Goofing off With Prime Numbers Part 1 - The Sieve of Eratosthenes

Goofing off With Prime Numbers Part 1 – The Sieve of Eratosthenes

March 31, 2016

I am not fantastic at math. I've always found it interesting, but it's never come to me naturally. Sometimes it's good to face things you're not good at and give them a shot! So here we are, goofing off with prime numbers.

So first off, what is a prime number anyway?

Using a grade school explanation of it, prime numbers are natural numbers that can be evenly divided by two divisors – the number itself and 1.

A few things:

By natural number, I mean whole number (no decimals or complex numbers or crazy things) > 0.
By divisors, I mean a denominator. So in 10 / 2 = 5, it would be 2.
Those factors are the number itself (n lets say) and the number 1.

Okay, cool. So some number, itself, and 1. Got it.

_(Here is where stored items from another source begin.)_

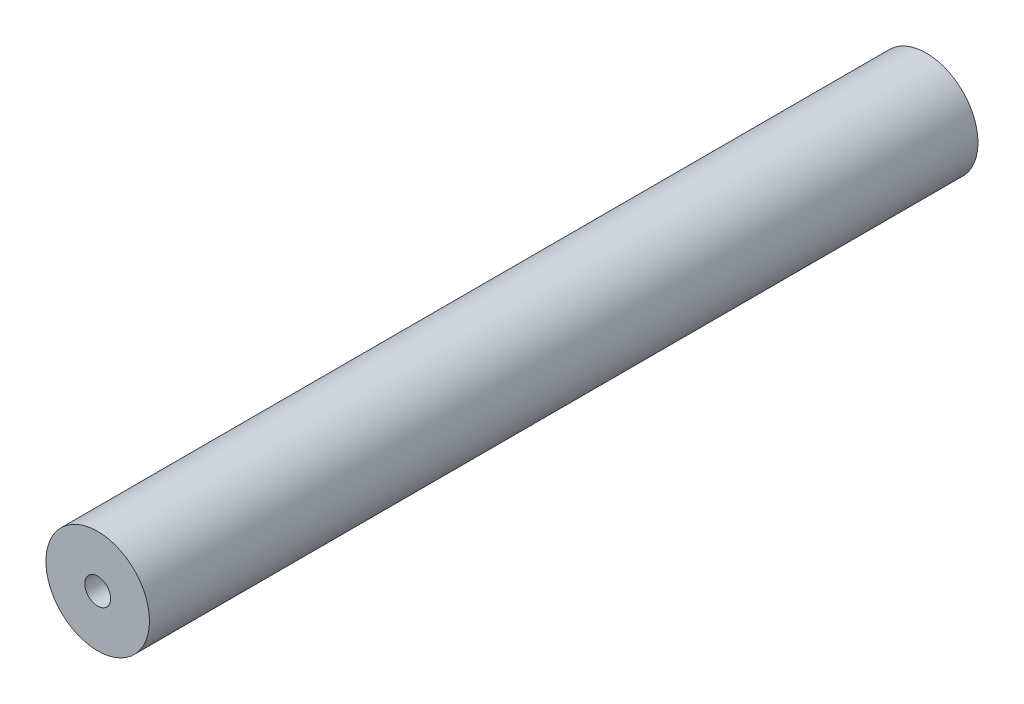
ISO-10303-21;
HEADER;
FILE_DESCRIPTION(('STEP AP214'),'2;1');
FILE_NAME('part.step','',(''),(''),'','','');
FILE_SCHEMA(('AUTOMOTIVE_DESIGN { 1 0 10303 214 1 1 1 1 }'));
ENDSEC;
DATA;
#1=APPLICATION_CONTEXT('core data for automotive mechanical design processes');
#2=APPLICATION_PROTOCOL_DEFINITION('international standard','automotive_design',2000,#1);
#3=PRODUCT_CONTEXT('',#1,'mechanical');
#4=PRODUCT('Part','Part','',(#3));
#5=PRODUCT_RELATED_PRODUCT_CATEGORY('part','',(#4));
#6=PRODUCT_DEFINITION_FORMATION('','',#4);
#7=PRODUCT_DEFINITION_CONTEXT('part definition',#1,'design');
#8=PRODUCT_DEFINITION('design','',#6,#7);
#9=PRODUCT_DEFINITION_SHAPE('','',#8);
#10=(LENGTH_UNIT() NAMED_UNIT(*) SI_UNIT(.MILLI.,.METRE.));
#11=(NAMED_UNIT(*) PLANE_ANGLE_UNIT() SI_UNIT($,.RADIAN.));
#12=(NAMED_UNIT(*) SI_UNIT($,.STERADIAN.) SOLID_ANGLE_UNIT());
#13=UNCERTAINTY_MEASURE_WITH_UNIT(LENGTH_MEASURE(1.E-05),#10,'distance_accuracy_value','');
#14=(GEOMETRIC_REPRESENTATION_CONTEXT(3) GLOBAL_UNCERTAINTY_ASSIGNED_CONTEXT((#13)) GLOBAL_UNIT_ASSIGNED_CONTEXT((#10,
#11,#12)) REPRESENTATION_CONTEXT('',''));
#15=CARTESIAN_POINT('',(0.,0.,0.));
#16=DIRECTION('',(0.,0.,1.));
#17=DIRECTION('',(1.,0.,0.));
#18=AXIS2_PLACEMENT_3D('',#15,#16,#17);
#19=CARTESIAN_POINT('',(0.,0.,320.));
#20=DIRECTION('',(0.,0.,-1.));
#21=DIRECTION('',(-1.,0.,0.));
#22=AXIS2_PLACEMENT_3D('',#19,#20,#21);
#23=CYLINDRICAL_SURFACE('',#22,20.);
#24=CARTESIAN_POINT('',(0.,0.,320.));
#25=DIRECTION('',(0.,0.,1.));
#26=DIRECTION('',(1.,0.,0.));
#27=AXIS2_PLACEMENT_3D('',#24,#25,#26);
#28=CIRCLE('',#27,20.);
#29=CARTESIAN_POINT('',(20.,0.,320.));
#30=VERTEX_POINT('',#29);
#31=EDGE_CURVE('E12',#30,#30,#28,.T.);
#32=ORIENTED_EDGE('',*,*,#31,.F.);
#33=EDGE_LOOP('',(#32));
#34=FACE_BOUND('',#33,.T.);
#35=CARTESIAN_POINT('',(0.,0.,0.));
#36=DIRECTION('',(0.,0.,1.));
#37=DIRECTION('',(1.,0.,0.));
#38=AXIS2_PLACEMENT_3D('',#35,#36,#37);
#39=CIRCLE('',#38,20.);
#40=CARTESIAN_POINT('',(20.,0.,0.));
#41=VERTEX_POINT('',#40);
#42=EDGE_CURVE('E45',#41,#41,#39,.T.);
#43=ORIENTED_EDGE('',*,*,#42,.T.);
#44=EDGE_LOOP('',(#43));
#45=FACE_BOUND('',#44,.T.);
#46=ADVANCED_FACE('F42',(#34,#45),#23,.T.);
#47=CARTESIAN_POINT('',(0.,0.,320.));
#48=DIRECTION('',(0.,0.,1.));
#49=DIRECTION('',(1.,0.,0.));
#50=AXIS2_PLACEMENT_3D('',#47,#48,#49);
#51=PLANE('',#50);
#52=CARTESIAN_POINT('',(0.,0.,320.));
#53=DIRECTION('',(0.,0.,1.));
#54=DIRECTION('',(1.,0.,0.));
#55=AXIS2_PLACEMENT_3D('',#52,#53,#54);
#56=CIRCLE('',#55,5.);
#57=CARTESIAN_POINT('',(5.,0.,320.));
#58=VERTEX_POINT('',#57);
#59=EDGE_CURVE('E54',#58,#58,#56,.T.);
#60=ORIENTED_EDGE('',*,*,#59,.F.);
#61=EDGE_LOOP('',(#60));
#62=FACE_BOUND('',#61,.T.);
#63=ORIENTED_EDGE('',*,*,#31,.T.);
#64=EDGE_LOOP('',(#63));
#65=FACE_BOUND('',#64,.T.);
#66=ADVANCED_FACE('F69',(#62,#65),#51,.T.);
#67=CARTESIAN_POINT('',(0.,0.,0.));
#68=DIRECTION('',(0.,0.,1.));
#69=DIRECTION('',(1.,0.,0.));
#70=AXIS2_PLACEMENT_3D('',#67,#68,#69);
#71=PLANE('',#70);
#72=CARTESIAN_POINT('',(0.,0.,0.));
#73=DIRECTION('',(0.,0.,1.));
#74=DIRECTION('',(1.,0.,0.));
#75=AXIS2_PLACEMENT_3D('',#72,#73,#74);
#76=CIRCLE('',#75,5.);
#77=CARTESIAN_POINT('',(5.,0.,0.));
#78=VERTEX_POINT('',#77);
#79=EDGE_CURVE('E52',#78,#78,#76,.T.);
#80=ORIENTED_EDGE('',*,*,#79,.T.);
#81=EDGE_LOOP('',(#80));
#82=FACE_BOUND('',#81,.T.);
#83=ORIENTED_EDGE('',*,*,#42,.F.);
#84=EDGE_LOOP('',(#83));
#85=FACE_BOUND('',#84,.T.);
#86=ADVANCED_FACE('F60',(#82,#85),#71,.F.);
#87=CARTESIAN_POINT('',(0.,0.,0.));
#88=DIRECTION('',(0.,0.,1.));
#89=DIRECTION('',(1.,0.,0.));
#90=AXIS2_PLACEMENT_3D('',#87,#88,#89);
#91=CYLINDRICAL_SURFACE('',#90,5.);
#92=ORIENTED_EDGE('',*,*,#79,.F.);
#93=EDGE_LOOP('',(#92));
#94=FACE_BOUND('',#93,.T.);
#95=ORIENTED_EDGE('',*,*,#59,.T.);
#96=EDGE_LOOP('',(#95));
#97=FACE_BOUND('',#96,.T.);
#98=ADVANCED_FACE('F63',(#94,#97),#91,.F.);
#99=CLOSED_SHELL('',(#46,#66,#86,#98));
#100=MANIFOLD_SOLID_BREP('B2',#99);
#101=ADVANCED_BREP_SHAPE_REPRESENTATION('',(#18,#100),#14);
#102=SHAPE_DEFINITION_REPRESENTATION(#9,#101);
ENDSEC;
END-ISO-10303-21;

What are some prime numbers?

A small sample would be {2, 3, 5, 7}.

How did you figure that out?

Let's first try out a real quick test for prime numbers between 1 and 10:

✘ Trick question. One isn't considered a prime number.
✓ That's our only option here!
✓ We can skip 3 / 3 and 3 / 2 = 1.5 doesn't work. So count 3!
✘ 4 / 2 = 2 so we can't count 4.
✓ 5 / 4 | 5 / 3 | 5 / 2 don't give us whole numbers. So count 5!
✘ 6 / 5 | 6 / 4 won't work. 6 / 3 = 2 so we can't count 6.
✓ 7 / 6 | 7 / 5 | 7 / 4 | 7 / 3 | 7 / 2 don't give us whole numbers. So count 7!
✘ 8 / 4 = 2 so we can't count 8.
✘ 9 / 3 = 3 so we can't count 9.
✘ 10 / 5 = 2 so we can't count 10.

Putting it together, you get the set {2, 3, 5, 7}.

You might notice a few things too:

All of the even numbers are omitted (save for 2). So right away you knocked out 4, 6, 8, and 10.
All of the numbers that are multiples of 3 were removed (save for 3). So you could eliminate 6 and 9.
Even if we somehow missed that 10 / 2 = 5, we would catch that 10 / 5 = 2.
- In other words, multiples of 5 disappear.

You're finding all numbers that are multiples of something else. Once you've eliminated those numbers, you're left with the prime numbers! And that is the essence of the Sieve of Eratosthenes.

Here's a handy illistration from Wikipedia:

Sieve of Eratosthenes

So how do I find the prime numbers under 123,456?!

Running this by hand (or most algorithms really) can be tedious. Good thing we've got these shiny fancy computer boxes now. They're even internet-enabled now!

An implementation of this I put together in F# can be found here. The way I put together my implementation was probably not the most efficient, but I think is somewhat straight forward (here's a paired down form to show the idea):

let rec runTest multipliers limit removals =
    let multipler = List.head multipliers

    if multipler > int (sqrt (float limit))
    then
        removals
    else
        let updatedRemovals = generateStep multipler limit removals
        runTest (List.tail multipliers) limit updatedRemovals

let n = 123456
let startSeq = seq { for i in 2 .. n -> i }

runTest (List.ofSeq startSeq) n Set.empty
|> Set.diffeernce (Set.ofSeq startSeq)

A quick breakdown of the code above:

First, check if we need to calculate more primes by looking at the next multiplier. 2. If we do need to check, we generate the values from multiplier^2 to the upper bound specified. 3. We that set of values with the previously calculated value to omit (see Set.union). 4. Repeat from #1.
Once here, all the composite numbers have been found. 6. These are removed from the range from 2 to the upper bound (see Set.difference).
You are now left with only prime numbers!

So there you have it – A way to find prime numbers. In Part 2, we'll goof around more by talking about how prime numbers actually can make any other natural number.